Extracted records

※

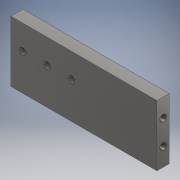
# Autodesk Inventor part: MotorFixer
Saved by Autodesk Inventor 2017 (Build 210142000, 142)
## iProperties
Created: 2016-12-12
Part Number: MotorFixer
Material: Steel, Carbon
Document SubType Name: Modeling
Designer: umr
Density: 7.85 g/cm^3
Appearance: Semi-Polished
Author: umr
Autodesk Inventor part; units mm, degrees
ref_plane "YZ Plane" through (0, 0, 0) normal (1, 0, 0) x (0, 1, 0)
ref_plane "XZ Plane" through (0, 0, 0) normal (0, 1, 0) x (-1, 0, 0)
ref_plane "XY Plane" through (0, 0, 0) normal (0, 0, 1) x (1, 0, 0)
sketch "Sketch1" plane through (0, 0, 0) normal (0, 1, 0) x (-1, 0, 0)
  line L0 (0, 0) -> (120, 0)
  line L1 (120, 0) -> (120, -50)
  line L2 (120, -50) -> (0, -50)
  line L3 (0, -50) -> (0, 0)
  dimension "d0" = 120
  dimension "d1" = 50
  constraints: 8 end point, 2 parallel, 1 horizontal, 1 perpendicular
  measures "d0" distance of L1.end L2.end
  measures "d1" distance of L0.end L1.end
extrude "Extrusion1" add sketch "Sketch1" along normal blind 10
sketch "Sketch2" plane through (0, 10, 0) normal (0, 1, 0) x (1, 0, 0)
  line L0 (-120, 50) -> (-120, 0) projected
  line L1 (-120, 0) -> (0, 0) projected
  circle A0 centre (-110, 20) radius 2.75
  circle A1 centre (-90, 20) radius 2.75
  circle A2 centre (-70, 20) radius 2.75
  dimension "d4" = 5.5
  dimension "d5" = 20
  dimension "d6" = 10
  dimension "d9" = 20
  constraints: 3 centre point, 1 horizontal, 4 other
  measures "d4" diameter of A0
  measures "d5" distance from line of L1 A0.centre
  measures "d6" distance from line of L0 A0.centre
  measures "d9" distance of A0.centre A1.centre
extrude "Extrusion2" cut sketch "Sketch2" against normal blind 10
sketch "Sketch3" plane through (0, 0, 0) normal (1, 0, 0) x (0, 0, -1)
  line L0 (0, 10) -> (50, 10) projected
  line L1 (0, 0) -> (0, 10) projected
  circle A0 centre (15, 5) radius 2.75
  circle A1 centre (35, 5) radius 2.75
  dimension "d16" = 5.5
  dimension "d17" = 50
  dimension "d18" = 10
  dimension "d19" = 5
  dimension "d20" = 15
  dimension "d23" = 20
  constraints: 2 centre point, 1 horizontal, 2 other
  measures "d16" diameter of A0
  measures "d17" distance of L0.start L0.end
  measures "d18" distance of L1.start L0.start
  measures "d19" distance from line of L0 A0.centre
  measures "d20" distance from line of L1 A0.centre
  measures "d23" distance of A0.centre A1.centre
extrude "Extrusion3" cut sketch "Sketch3" against normal blind 8
equation "\"d19\" = 0.5 * d18"
equation "\"d20\" = -0.5 * d23 + 0.5 * d17"
body "Solid1"

※

(REQUIREMENT):
Please give back, exactly as it stands above, the stretch from the line with "Material: Steel, Carbon" through the line with "against normal blind 10", and no line outside it.

(OUTPUT OF THE TASK):
Material: Steel, Carbon
Document SubType Name: Modeling
Designer: umr
Density: 7.85 g/cm^3
Appearance: Semi-Polished
Author: umr
Autodesk Inventor part; units mm, degrees
ref_plane "YZ Plane" through (0, 0, 0) normal (1, 0, 0) x (0, 1, 0)
ref_plane "XZ Plane" through (0, 0, 0) normal (0, 1, 0) x (-1, 0, 0)
ref_plane "XY Plane" through (0, 0, 0) normal (0, 0, 1) x (1, 0, 0)
sketch "Sketch1" plane through (0, 0, 0) normal (0, 1, 0) x (-1, 0, 0)
  line L0 (0, 0) -> (120, 0)
  line L1 (120, 0) -> (120, -50)
  line L2 (120, -50) -> (0, -50)
  line L3 (0, -50) -> (0, 0)
  dimension "d0" = 120
  dimension "d1" = 50
  constraints: 8 end point, 2 parallel, 1 horizontal, 1 perpendicular
  measures "d0" distance of L1.end L2.end
  measures "d1" distance of L0.end L1.end
extrude "Extrusion1" add sketch "Sketch1" along normal blind 10
sketch "Sketch2" plane through (0, 10, 0) normal (0, 1, 0) x (1, 0, 0)
  line L0 (-120, 50) -> (-120, 0) projected
  line L1 (-120, 0) -> (0, 0) projected
  circle A0 centre (-110, 20) radius 2.75
  circle A1 centre (-90, 20) radius 2.75
  circle A2 centre (-70, 20) radius 2.75
  dimension "d4" = 5.5
  dimension "d5" = 20
  dimension "d6" = 10
  dimension "d9" = 20
  constraints: 3 centre point, 1 horizontal, 4 other
  measures "d4" diameter of A0
  measures "d5" distance from line of L1 A0.centre
  measures "d6" distance from line of L0 A0.centre
  measures "d9" distance of A0.centre A1.centre
extrude "Extrusion2" cut sketch "Sketch2" against normal blind 10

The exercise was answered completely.